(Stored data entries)
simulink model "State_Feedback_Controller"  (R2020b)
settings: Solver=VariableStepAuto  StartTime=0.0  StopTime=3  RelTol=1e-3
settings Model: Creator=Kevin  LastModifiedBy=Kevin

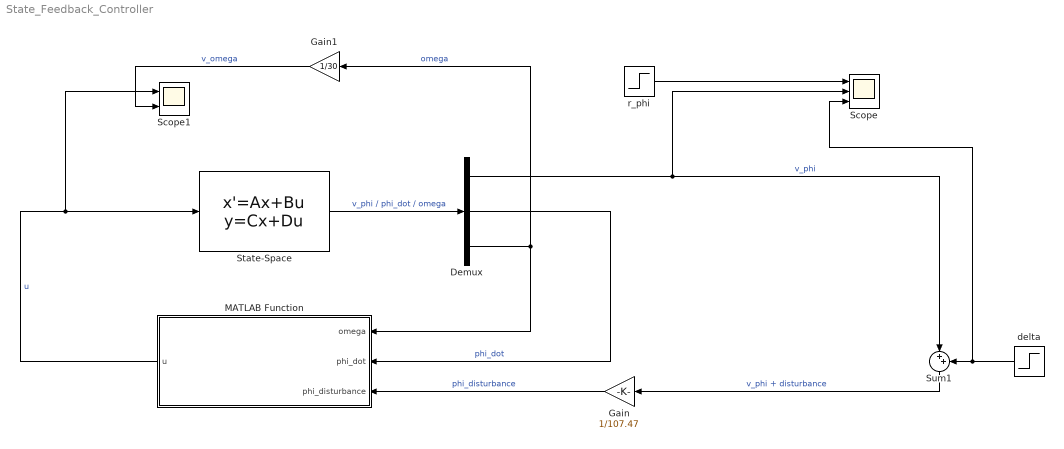
== system State_Feedback_Controller ==
  Demux : Demux  Outputs=3
  Gain : Gain  Gain=1/107.47
  Gain1 : Gain  Gain=1/30
  MATLAB Function : MATLAB Function  TreatAsAtomicUnit=on
  Scope : Scope  NumInputPorts=3
  Scope1 : Scope  NumInputPorts=2
  State-Space : StateSpace  A=[0 1 0; 23.5031 0 0.0045; -23.5031 0 -19.9513]  B=[0; 0.1393; -621.6819]  C=[107.47 0 0; 0 1 0; 0 0 1]  D=[0; 0; 0]  InitialCondition=[0.001860984460780 0 0]
  Sum1 : Sum  Inputs=|++
  delta : Step  Time=1.5  After=0.2  SampleTime=0
  r_phi : Step  Time=0  After=0  SampleTime=0
  wires:
  r_phi/1 -> Scope/1
  Gain/1 -> MATLAB Function/3(phi_disturbance)  "phi_disturbance"
  Demux/1 -> Scope/2, Sum1/1  "v_phi"
  Demux/2 -> MATLAB Function/2(phi_dot)  "phi_dot"
  State-Space/1 -> Demux/1  "v_phi / phi_dot / omega"
  Sum1/1 -> Gain/1  "v_phi + disturbance"
  Demux/3 -> Gain1/1, MATLAB Function/1(omega)  "omega"
  delta/1 -> Scope/3, Sum1/2
  MATLAB Function/1(u) -> Scope1/1, State-Space/1  "u"
  Gain1/1 -> Scope1/2  "v_omega"

== matlab function State_Feedback_Controller/MATLAB Function ==
  data: omega input; phi_dot input; phi_disturbance input; u output
function u = state_feedback_control_law(omega, phi_dot, phi_disturbance)

K = [2290 472 0.0771];
x = [phi_disturbance; phi_dot; omega];

u = -K*x;
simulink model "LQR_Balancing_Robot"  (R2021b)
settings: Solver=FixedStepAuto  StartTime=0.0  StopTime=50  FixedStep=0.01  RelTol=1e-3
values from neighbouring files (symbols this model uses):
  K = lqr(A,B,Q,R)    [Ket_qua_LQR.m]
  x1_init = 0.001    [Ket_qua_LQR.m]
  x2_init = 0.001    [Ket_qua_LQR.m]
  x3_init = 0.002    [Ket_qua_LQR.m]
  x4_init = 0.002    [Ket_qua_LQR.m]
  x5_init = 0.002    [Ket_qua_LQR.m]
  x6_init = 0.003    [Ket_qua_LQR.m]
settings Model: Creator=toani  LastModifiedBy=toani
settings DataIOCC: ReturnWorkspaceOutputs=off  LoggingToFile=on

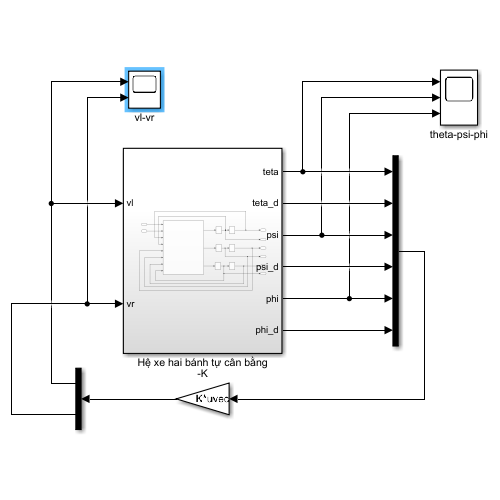
[thumbnail: Simulink's stored preview of the top-level diagram]
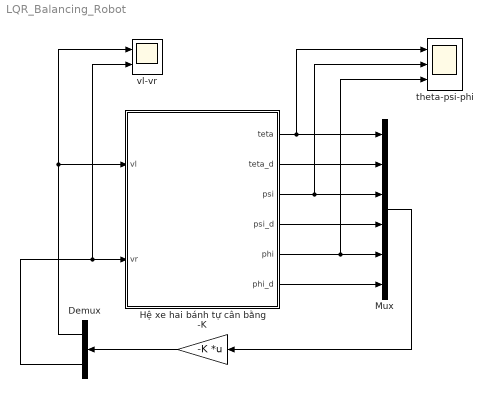
== system LQR_Balancing_Robot ==
  -K : Gain  Gain=-K  Multiplication=Matrix(K*u) (u vector)
  Demux : Demux  Outputs=2
  Hệ xe hai bánh tự cân bằng : Subsystem
  Mux : Mux  Inputs=6
  theta-psi-phi : Scope  NumInputPorts=3
  vl-vr : Scope  NumInputPorts=2
  wires:
  Hệ xe hai bánh tự cân bằng/1(teta) -> theta-psi-phi/1, Mux/1
  Hệ xe hai bánh tự cân bằng/2(teta_d) -> Mux/2
  Hệ xe hai bánh tự cân bằng/3(psi) -> theta-psi-phi/2, Mux/3
  Hệ xe hai bánh tự cân bằng/4(psi_d) -> Mux/4
  Hệ xe hai bánh tự cân bằng/5(phi) -> theta-psi-phi/3, Mux/5
  Hệ xe hai bánh tự cân bằng/6(phi_d) -> Mux/6
  Mux/1 -> -K/1
  -K/1 -> Demux/1
  Demux/1 -> vl-vr/1, Hệ xe hai bánh tự cân bằng/1(vl)
  Demux/2 -> vl-vr/2, Hệ xe hai bánh tự cân bằng/2(vr)

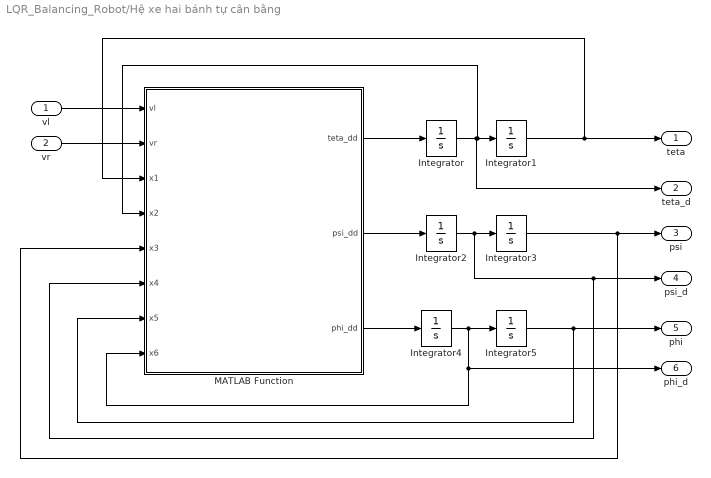
== system LQR_Balancing_Robot/Hệ xe hai bánh tự cân bằng ==
  vl : Inport
  vr : Inport  Port=2
  Integrator : Integrator  InitialCondition=x2_init
  Integrator1 : Integrator  InitialCondition=x1_init
  Integrator2 : Integrator  InitialCondition=x4_init
  Integrator3 : Integrator  InitialCondition=x3_init
  Integrator4 : Integrator  InitialCondition=x6_init
  Integrator5 : Integrator  InitialCondition=x5_init
  MATLAB Function : MATLAB Function  TreatAsAtomicUnit=on
  teta : Outport
  teta_d : Outport  Port=2
  psi : Outport  Port=3
  psi_d : Outport  Port=4
  phi : Outport  Port=5
  phi_d : Outport  Port=6
  wires:
  Integrator5/1 -> phi/1, MATLAB Function/7(x5)
  vr/1 -> MATLAB Function/2(vr)
  Integrator4/1 -> phi_d/1, MATLAB Function/8(x6), Integrator5/1
  MATLAB Function/3(phi_dd) -> Integrator4/1
  Integrator2/1 -> psi_d/1, MATLAB Function/6(x4), Integrator3/1
  MATLAB Function/2(psi_dd) -> Integrator2/1
  Integrator/1 -> teta_d/1, MATLAB Function/4(x2), Integrator1/1
  Integrator1/1 -> teta/1, MATLAB Function/3(x1)
  Integrator3/1 -> psi/1, MATLAB Function/5(x3)
  vl/1 -> MATLAB Function/1(vl)
  MATLAB Function/1(teta_dd) -> Integrator/1

== matlab function LQR_Balancing_Robot/Hệ xe hai bánh tự cân bằng/MATLAB Function ==
  data: vl input; teta_dd output; vr input; x1 input; x2 input; x3 input; x4 input; x5 input; x6 input; psi_dd output; phi_dd output
function [teta_dd,psi_dd,phi_dd] = system(vl,vr,x1,x2,x3,x4,x5,x6)
%% Thông số hệ thống xe 2 bánh tự cân bằng dùng LQR
m = 0.042; %Khoi luong banh xe
M = 1.08; %Khoi luong robot
R = 0.0325; %ban kinh ban xe
W = 0.170; %Chieu rong robot
D = 0.100; %Chieu ngang robot
H = 0.1415; %Chieu cao robot
L = H/2; %khoang cach tu trong tam den truc banh xe
fw = 0.18; %He so ma sat giua banh xe voi mat phang
fm = 0.002; %he so ma sat giua dong co va robot
Jm = 0.01; %moment quan tinh cua dong co
Jw = m*R^2/2;
J_psi = 2*M*L^2/3;
J_phi = M*(W^2+D^2)/12;
Rm = 50; %Dien tro dong co DC
Kb = 0.468; %he so emf cua dong co
Kt = 0.317; %Momen xoan cua dong co DC
n = 30; %Ty so giam toc
g = 9.81; %Gia toc trong truong
alpha = n*Kt/Rm; beta=n*Kt*Kb/Rm+fm; a =alpha;
%T=0.01;
%% Cac phuong trinh vi phan
teta_dd = (J_psi*a*vl + J_psi*a*vr - 2*J_psi*beta*x2 + 2*J_psi*beta*x4 - 2*J_psi*fw*x2 + L^2*M*a*vl + L^2*M*a*vr - 2*L^2*M*beta*x2 + 2*L^2*M*beta*x4 - 2*L^2*M*fw*x2 - 4*Jm*fw*n^2*x2 - (L^2*M^2*R*g*sin(2*x3))/2 + L^3*M^2*R*x4^2*sin(x3) - L^3*M^2*R*x6^2*(sin(x3) - sin(x3)^3) - 2*L*M*R*beta*x2*cos(x3) + 2*L*M*R*beta*x4*cos(x3) + J_psi*L*M*R*x4^2*sin(x3) + 2*Jm*L*M*g*n^2*sin(x3) + Jm*L^2*M*n^2*x6^2*sin(2*x3) + L*M*R*a*vl*cos(x3) + L*M*R*a*vr*cos(x3) + 2*Jm*L*M*R*n^2*x4^2*sin(x3))/(2*J_psi*Jw + L^2*M^2*R^2 + 2*Jw*L^2*M + J_psi*M*R^2 + 2*J_psi*Jm*n^2 + 4*Jm*Jw*n^2 + 2*J_psi*R^2*m + 2*Jm*L^2*M*n^2 + 2*Jm*M*R^2*n^2 + 2*L^2*M*R^2*m + 4*Jm*R^2*m*n^2 - L^2*M^2*R^2*cos(x3)^2 + 4*Jm*L*M*R*n^2*cos(x3));
psi_dd = -(2*Jw*a*vl + 2*Jw*a*vr - 4*Jw*beta*x2 + 4*Jw*beta*x4 + M*R^2*a*vl + M*R^2*a*vr - 2*M*R^2*beta*x2 + 2*M*R^2*beta*x4 + 2*R^2*a*m*vl + 2*R^2*a*m*vr + 4*Jm*fw*n^2*x2 - 4*R^2*beta*m*x2 + 4*R^2*beta*m*x4 - L*M^2*R^2*g*sin(x3) + (L^2*M^2*R^2*x4^2*sin(2*x3))/2 - (L^2*M^2*R^2*x6^2*sin(2*x3))/2 - 2*Jw*L*M*g*sin(x3) - Jw*L^2*M*x6^2*sin(2*x3) - 2*L*M*R*beta*x2*cos(x3) + 2*L*M*R*beta*x4*cos(x3) - 2*L*M*R*fw*x2*cos(x3) - 2*Jm*L*M*g*n^2*sin(x3) - 2*L*M*R^2*g*m*sin(x3) - Jm*L^2*M*n^2*x6^2*sin(2*x3) - L^2*M*R^2*m*x6^2*sin(2*x3) + L*M*R*a*vl*cos(x3) + L*M*R*a*vr*cos(x3) - 2*Jm*L*M*R*n^2*x4^2*sin(x3))/(2*J_psi*Jw + L^2*M^2*R^2 + 2*Jw*L^2*M + J_psi*M*R^2 + 2*J_psi*Jm*n^2 + 4*Jm*Jw*n^2 + 2*J_psi*R^2*m + 2*Jm*L^2*M*n^2 + 2*Jm*M*R^2*n^2 + 2*L^2*M*R^2*m + 4*Jm*R^2*m*n^2 - L^2*M^2*R^2*cos(x3)^2 + 4*Jm*L*M*R*n^2*cos(x3));
phi_dd = -(W^2*beta*x6 + W^2*fw*x6 + R*W*a*vl - R*W*a*vr + 2*L^2*M*R^2*x4*x6*sin(2*x3))/(2*J_phi*R^2 + Jw*W^2 + Jm*W^2*n^2 + R^2*W^2*m + 2*L^2*M*R^2*sin(x3)^2); 
end

→ **Your task**
Lines holding the word "InitialCondition" in the entries above are the ones to pull out. Copy them all.

→ **Solution to this problem**
  State-Space : StateSpace  A=[0 1 0; 23.5031 0 0.0045; -23.5031 0 -19.9513]  B=[0; 0.1393; -621.6819]  C=[107.47 0 0; 0 1 0; 0 0 1]  D=[0; 0; 0]  InitialCondition=[0.001860984460780 0 0]
  Integrator : Integrator  InitialCondition=x2_init
  Integrator1 : Integrator  InitialCondition=x1_init
  Integrator2 : Integrator  InitialCondition=x4_init
  Integrator3 : Integrator  InitialCondition=x3_init
  Integrator4 : Integrator  InitialCondition=x6_init
  Integrator5 : Integrator  InitialCondition=x5_init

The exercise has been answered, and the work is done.